In Beijing, the local laws and regulations do not provide a specific guidance on this issue. According to the judgment of (2014) Sanzhongminzhongzi No.05032, the company claimed that its employment relationship with the employee was not terminated. The contract stipulated that the employee’s work location was in Beijing and remained the same after the company was relocated. Therefore, the relocation did not cause the employment contract being unable to be performed.

However, the court did not support the company’s claim. The court of appeal, the Third Intermediate People's Court of Beijing, ruled that this relocation caused that the employee could not continue to perform the employment contract. According to the Article 40 (3) of Employment Contract Law, the company should pay one month’s salary in lieu of notice and the severance pay for termination of the employment contract.

Shanghai does not provide further provisions on this issue, either. According to the judgment of (2012) Jiaminsi(min)chuzi No. 214, the company moved from Jiangqiao Town to Huating Town in Jiading District. The company claimed that after relocation the employee’s location of work is still in Jiading District, Shanghai thus the change did not cause the employment contract being unable to be performed. However, the People’s Court of Jiading District held that: 

  • firstly, the relocation of the company led to the employee’s long commute to work. As a result, it will impact the life and work of the employee and his family. This situation can be deemed as the original employment contract could no longer be performed; 
  • secondly, the company did not effectively consult with the employee regarding remedies to reduce the damage to the employee caused by the relocation of the company, such as transportation allowance, shuttle bus or accommodation provided by the company; 
  • thirdly, the company committed to pay moving allowance to the employee who would not like to move with the company but did not actually make the payment.
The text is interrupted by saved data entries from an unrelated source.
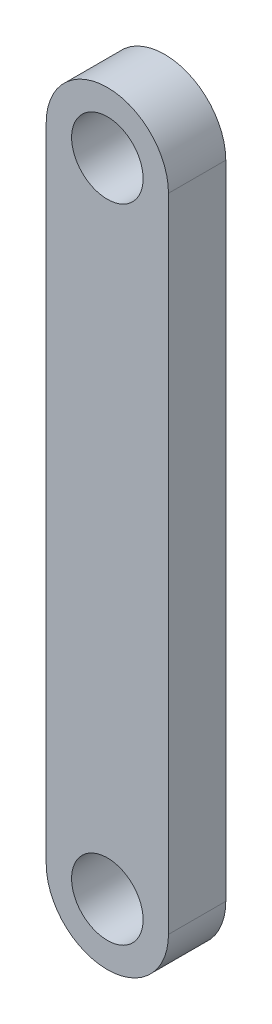
ISO-10303-21;
HEADER;
FILE_DESCRIPTION(('STEP AP214'),'2;1');
FILE_NAME('part.step','',(''),(''),'','','');
FILE_SCHEMA(('AUTOMOTIVE_DESIGN { 1 0 10303 214 1 1 1 1 }'));
ENDSEC;
DATA;
#1=APPLICATION_CONTEXT('core data for automotive mechanical design processes');
#2=APPLICATION_PROTOCOL_DEFINITION('international standard','automotive_design',2000,#1);
#3=PRODUCT_CONTEXT('',#1,'mechanical');
#4=PRODUCT('Part','Part','',(#3));
#5=PRODUCT_RELATED_PRODUCT_CATEGORY('part','',(#4));
#6=PRODUCT_DEFINITION_FORMATION('','',#4);
#7=PRODUCT_DEFINITION_CONTEXT('part definition',#1,'design');
#8=PRODUCT_DEFINITION('design','',#6,#7);
#9=PRODUCT_DEFINITION_SHAPE('','',#8);
#10=(LENGTH_UNIT() NAMED_UNIT(*) SI_UNIT(.MILLI.,.METRE.));
#11=(NAMED_UNIT(*) PLANE_ANGLE_UNIT() SI_UNIT($,.RADIAN.));
#12=(NAMED_UNIT(*) SI_UNIT($,.STERADIAN.) SOLID_ANGLE_UNIT());
#13=UNCERTAINTY_MEASURE_WITH_UNIT(LENGTH_MEASURE(1.E-05),#10,'distance_accuracy_value','');
#14=(GEOMETRIC_REPRESENTATION_CONTEXT(3) GLOBAL_UNCERTAINTY_ASSIGNED_CONTEXT((#13)) GLOBAL_UNIT_ASSIGNED_CONTEXT((#10,
#11,#12)) REPRESENTATION_CONTEXT('',''));
#15=CARTESIAN_POINT('',(0.,0.,0.));
#16=DIRECTION('',(0.,0.,1.));
#17=DIRECTION('',(1.,0.,0.));
#18=AXIS2_PLACEMENT_3D('',#15,#16,#17);
#19=CARTESIAN_POINT('',(0.,33.6,3.));
#20=DIRECTION('',(0.,0.,1.));
#21=DIRECTION('',(1.,0.,0.));
#22=AXIS2_PLACEMENT_3D('',#19,#20,#21);
#23=PLANE('',#22);
#24=CARTESIAN_POINT('',(0.,0.,3.));
#25=DIRECTION('',(0.,0.,1.));
#26=DIRECTION('',(1.,0.,0.));
#27=AXIS2_PLACEMENT_3D('',#24,#25,#26);
#28=CIRCLE('',#27,1.872);
#29=CARTESIAN_POINT('',(1.872,0.,3.));
#30=VERTEX_POINT('',#29);
#31=EDGE_CURVE('E108',#30,#30,#28,.T.);
#32=ORIENTED_EDGE('',*,*,#31,.F.);
#33=EDGE_LOOP('',(#32));
#34=FACE_BOUND('',#33,.T.);
#35=CARTESIAN_POINT('',(0.,33.6,3.));
#36=DIRECTION('',(0.,0.,1.));
#37=DIRECTION('',(1.,0.,0.));
#38=AXIS2_PLACEMENT_3D('',#35,#36,#37);
#39=CIRCLE('',#38,3.2);
#40=CARTESIAN_POINT('',(3.2,33.6,3.));
#41=VERTEX_POINT('',#40);
#42=CARTESIAN_POINT('',(-3.2,33.6,3.));
#43=VERTEX_POINT('',#42);
#44=EDGE_CURVE('E93',#41,#43,#39,.T.);
#45=ORIENTED_EDGE('',*,*,#44,.T.);
#46=DIRECTION('',(0.,-1.,0.));
#47=VECTOR('',#46,1.);
#48=CARTESIAN_POINT('',(-3.2,33.6,3.));
#49=LINE('',#48,#47);
#50=CARTESIAN_POINT('',(-3.2,0.,3.));
#51=VERTEX_POINT('',#50);
#52=EDGE_CURVE('E88',#43,#51,#49,.T.);
#53=ORIENTED_EDGE('',*,*,#52,.T.);
#54=CARTESIAN_POINT('',(0.,0.,3.));
#55=DIRECTION('',(0.,0.,1.));
#56=DIRECTION('',(1.,0.,0.));
#57=AXIS2_PLACEMENT_3D('',#54,#55,#56);
#58=CIRCLE('',#57,3.2);
#59=CARTESIAN_POINT('',(3.19999999999999,0.,3.));
#60=VERTEX_POINT('',#59);
#61=EDGE_CURVE('E91',#51,#60,#58,.T.);
#62=ORIENTED_EDGE('',*,*,#61,.T.);
#63=DIRECTION('',(0.,1.,0.));
#64=VECTOR('',#63,1.);
#65=CARTESIAN_POINT('',(3.2,33.6,3.));
#66=LINE('',#65,#64);
#67=EDGE_CURVE('E58',#60,#41,#66,.T.);
#68=ORIENTED_EDGE('',*,*,#67,.T.);
#69=EDGE_LOOP('',(#45,#53,#62,#68));
#70=FACE_BOUND('',#69,.T.);
#71=CARTESIAN_POINT('',(0.,33.6,3.));
#72=DIRECTION('',(0.,0.,1.));
#73=DIRECTION('',(1.,0.,0.));
#74=AXIS2_PLACEMENT_3D('',#71,#72,#73);
#75=CIRCLE('',#74,1.872);
#76=CARTESIAN_POINT('',(1.872,33.6,3.));
#77=VERTEX_POINT('',#76);
#78=EDGE_CURVE('E123',#77,#77,#75,.T.);
#79=ORIENTED_EDGE('',*,*,#78,.F.);
#80=EDGE_LOOP('',(#79));
#81=FACE_BOUND('',#80,.T.);
#82=ADVANCED_FACE('F41',(#34,#70,#81),#23,.T.);
#83=CARTESIAN_POINT('',(0.,33.6,0.));
#84=DIRECTION('',(0.,0.,1.));
#85=DIRECTION('',(1.,0.,0.));
#86=AXIS2_PLACEMENT_3D('',#83,#84,#85);
#87=PLANE('',#86);
#88=CARTESIAN_POINT('',(0.,33.6,0.));
#89=DIRECTION('',(0.,0.,1.));
#90=DIRECTION('',(1.,0.,0.));
#91=AXIS2_PLACEMENT_3D('',#88,#89,#90);
#92=CIRCLE('',#91,3.2);
#93=CARTESIAN_POINT('',(3.2,33.6,0.));
#94=VERTEX_POINT('',#93);
#95=CARTESIAN_POINT('',(-3.2,33.6,0.));
#96=VERTEX_POINT('',#95);
#97=EDGE_CURVE('E105',#94,#96,#92,.T.);
#98=ORIENTED_EDGE('',*,*,#97,.F.);
#99=DIRECTION('',(0.,1.,0.));
#100=VECTOR('',#99,1.);
#101=CARTESIAN_POINT('',(3.2,33.6,0.));
#102=LINE('',#101,#100);
#103=CARTESIAN_POINT('',(3.19999999999999,0.,0.));
#104=VERTEX_POINT('',#103);
#105=EDGE_CURVE('E81',#104,#94,#102,.T.);
#106=ORIENTED_EDGE('',*,*,#105,.F.);
#107=CARTESIAN_POINT('',(0.,0.,0.));
#108=DIRECTION('',(0.,0.,1.));
#109=DIRECTION('',(1.,0.,0.));
#110=AXIS2_PLACEMENT_3D('',#107,#108,#109);
#111=CIRCLE('',#110,3.2);
#112=CARTESIAN_POINT('',(-3.2,0.,0.));
#113=VERTEX_POINT('',#112);
#114=EDGE_CURVE('E75',#113,#104,#111,.T.);
#115=ORIENTED_EDGE('',*,*,#114,.F.);
#116=DIRECTION('',(0.,-1.,0.));
#117=VECTOR('',#116,1.);
#118=CARTESIAN_POINT('',(-3.2,33.6,0.));
#119=LINE('',#118,#117);
#120=EDGE_CURVE('E97',#96,#113,#119,.T.);
#121=ORIENTED_EDGE('',*,*,#120,.F.);
#122=EDGE_LOOP('',(#98,#106,#115,#121));
#123=FACE_BOUND('',#122,.T.);
#124=CARTESIAN_POINT('',(0.,0.,0.));
#125=DIRECTION('',(0.,0.,1.));
#126=DIRECTION('',(1.,0.,0.));
#127=AXIS2_PLACEMENT_3D('',#124,#125,#126);
#128=CIRCLE('',#127,1.872);
#129=CARTESIAN_POINT('',(1.872,0.,0.));
#130=VERTEX_POINT('',#129);
#131=EDGE_CURVE('E120',#130,#130,#128,.T.);
#132=ORIENTED_EDGE('',*,*,#131,.T.);
#133=EDGE_LOOP('',(#132));
#134=FACE_BOUND('',#133,.T.);
#135=CARTESIAN_POINT('',(0.,33.6,0.));
#136=DIRECTION('',(0.,0.,1.));
#137=DIRECTION('',(1.,0.,0.));
#138=AXIS2_PLACEMENT_3D('',#135,#136,#137);
#139=CIRCLE('',#138,1.872);
#140=CARTESIAN_POINT('',(1.872,33.6,0.));
#141=VERTEX_POINT('',#140);
#142=EDGE_CURVE('E126',#141,#141,#139,.T.);
#143=ORIENTED_EDGE('',*,*,#142,.T.);
#144=EDGE_LOOP('',(#143));
#145=FACE_BOUND('',#144,.T.);
#146=ADVANCED_FACE('F116',(#123,#134,#145),#87,.F.);
#147=CARTESIAN_POINT('',(0.,33.6,3.));
#148=DIRECTION('',(0.,0.,-1.));
#149=DIRECTION('',(-1.,0.,0.));
#150=AXIS2_PLACEMENT_3D('',#147,#148,#149);
#151=CYLINDRICAL_SURFACE('',#150,3.2);
#152=ORIENTED_EDGE('',*,*,#97,.T.);
#153=DIRECTION('',(0.,0.,-1.));
#154=VECTOR('',#153,1.);
#155=CARTESIAN_POINT('',(-3.2,33.6,3.));
#156=LINE('',#155,#154);
#157=EDGE_CURVE('E11',#43,#96,#156,.T.);
#158=ORIENTED_EDGE('',*,*,#157,.F.);
#159=ORIENTED_EDGE('',*,*,#44,.F.);
#160=DIRECTION('',(0.,0.,-1.));
#161=VECTOR('',#160,1.);
#162=CARTESIAN_POINT('',(3.2,33.6,3.));
#163=LINE('',#162,#161);
#164=EDGE_CURVE('E101',#41,#94,#163,.T.);
#165=ORIENTED_EDGE('',*,*,#164,.T.);
#166=EDGE_LOOP('',(#152,#158,#159,#165));
#167=FACE_BOUND('',#166,.T.);
#168=ADVANCED_FACE('F43',(#167),#151,.T.);
#169=CARTESIAN_POINT('',(-3.2,33.6,3.));
#170=DIRECTION('',(1.,0.,0.));
#171=DIRECTION('',(0.,1.,0.));
#172=AXIS2_PLACEMENT_3D('',#169,#170,#171);
#173=PLANE('',#172);
#174=ORIENTED_EDGE('',*,*,#120,.T.);
#175=DIRECTION('',(0.,0.,-1.));
#176=VECTOR('',#175,1.);
#177=CARTESIAN_POINT('',(-3.2,0.,3.));
#178=LINE('',#177,#176);
#179=EDGE_CURVE('E50',#51,#113,#178,.T.);
#180=ORIENTED_EDGE('',*,*,#179,.F.);
#181=ORIENTED_EDGE('',*,*,#52,.F.);
#182=ORIENTED_EDGE('',*,*,#157,.T.);
#183=EDGE_LOOP('',(#174,#180,#181,#182));
#184=FACE_BOUND('',#183,.T.);
#185=ADVANCED_FACE('F96',(#184),#173,.F.);
#186=CARTESIAN_POINT('',(0.,0.,3.));
#187=DIRECTION('',(0.,0.,-1.));
#188=DIRECTION('',(-1.,0.,0.));
#189=AXIS2_PLACEMENT_3D('',#186,#187,#188);
#190=CYLINDRICAL_SURFACE('',#189,3.2);
#191=ORIENTED_EDGE('',*,*,#114,.T.);
#192=DIRECTION('',(0.,0.,-1.));
#193=VECTOR('',#192,1.);
#194=CARTESIAN_POINT('',(3.19999999999999,0.,3.));
#195=LINE('',#194,#193);
#196=EDGE_CURVE('E98',#60,#104,#195,.T.);
#197=ORIENTED_EDGE('',*,*,#196,.F.);
#198=ORIENTED_EDGE('',*,*,#61,.F.);
#199=ORIENTED_EDGE('',*,*,#179,.T.);
#200=EDGE_LOOP('',(#191,#197,#198,#199));
#201=FACE_BOUND('',#200,.T.);
#202=ADVANCED_FACE('F99',(#201),#190,.T.);
#203=CARTESIAN_POINT('',(3.2,33.6,3.));
#204=DIRECTION('',(-1.,0.,0.));
#205=DIRECTION('',(0.,-1.,0.));
#206=AXIS2_PLACEMENT_3D('',#203,#204,#205);
#207=PLANE('',#206);
#208=ORIENTED_EDGE('',*,*,#105,.T.);
#209=ORIENTED_EDGE('',*,*,#164,.F.);
#210=ORIENTED_EDGE('',*,*,#67,.F.);
#211=ORIENTED_EDGE('',*,*,#196,.T.);
#212=EDGE_LOOP('',(#208,#209,#210,#211));
#213=FACE_BOUND('',#212,.T.);
#214=ADVANCED_FACE('F113',(#213),#207,.F.);
#215=CARTESIAN_POINT('',(0.,0.,3.));
#216=DIRECTION('',(0.,0.,-1.));
#217=DIRECTION('',(-1.,0.,0.));
#218=AXIS2_PLACEMENT_3D('',#215,#216,#217);
#219=CYLINDRICAL_SURFACE('',#218,1.872);
#220=ORIENTED_EDGE('',*,*,#31,.T.);
#221=EDGE_LOOP('',(#220));
#222=FACE_BOUND('',#221,.T.);
#223=ORIENTED_EDGE('',*,*,#131,.F.);
#224=EDGE_LOOP('',(#223));
#225=FACE_BOUND('',#224,.T.);
#226=ADVANCED_FACE('F143',(#222,#225),#219,.F.);
#227=CARTESIAN_POINT('',(0.,33.6,3.));
#228=DIRECTION('',(0.,0.,-1.));
#229=DIRECTION('',(-1.,0.,0.));
#230=AXIS2_PLACEMENT_3D('',#227,#228,#229);
#231=CYLINDRICAL_SURFACE('',#230,1.872);
#232=ORIENTED_EDGE('',*,*,#78,.T.);
#233=EDGE_LOOP('',(#232));
#234=FACE_BOUND('',#233,.T.);
#235=ORIENTED_EDGE('',*,*,#142,.F.);
#236=EDGE_LOOP('',(#235));
#237=FACE_BOUND('',#236,.T.);
#238=ADVANCED_FACE('F132',(#234,#237),#231,.F.);
#239=CLOSED_SHELL('',(#82,#146,#168,#185,#202,#214,#226,#238));
#240=MANIFOLD_SOLID_BREP('B2',#239);
#241=ADVANCED_BREP_SHAPE_REPRESENTATION('',(#18,#240),#14);
#242=SHAPE_DEFINITION_REPRESENTATION(#9,#241);
ENDSEC;
END-ISO-10303-21;

To sum up, the People’s Court of Jiading District held that the company’s relocation led to the employment contract being unable to be performed. The employee should not be the one to blame and the company should make the severance payment for termination of the employment contract and one month salary in lieu of notice according to the law. The employee’s claim was supported.

Given the above, it can be seen that under the judicial background that arbitration commission and court tend to provide favorable protection to employees, employees’ allegation that “change of the employer’s domicile is a change of a mandatory clause of the employment contract, and therefore needs to be consented in written by an employee” is likely to be supported by arbitration commission and court. As a matter of fact, a company’s relocation within the same city will possibly increase the distance between the residence place of an employee and the new company location, and therefore an employee’s quality of life and work could possibly be affected. According to article 40(3) of the Employment Contract Law, the arbitration commission and court will likely hold there is a significant change of the objective circumstances relied upon at the time of conclusion of the employment contract and the employment contract could no longer be performed.

Thus, under this circumstance, if a company moves within Beijing or Shanghai, it is advisable for the company to consult with employees and reach an agreement beforehand. If after consulting with an employee, the company and the employee are unable to reach an agreement on amending the employment contract, the employment contract could then be terminated and the company should make severance payment to the employee.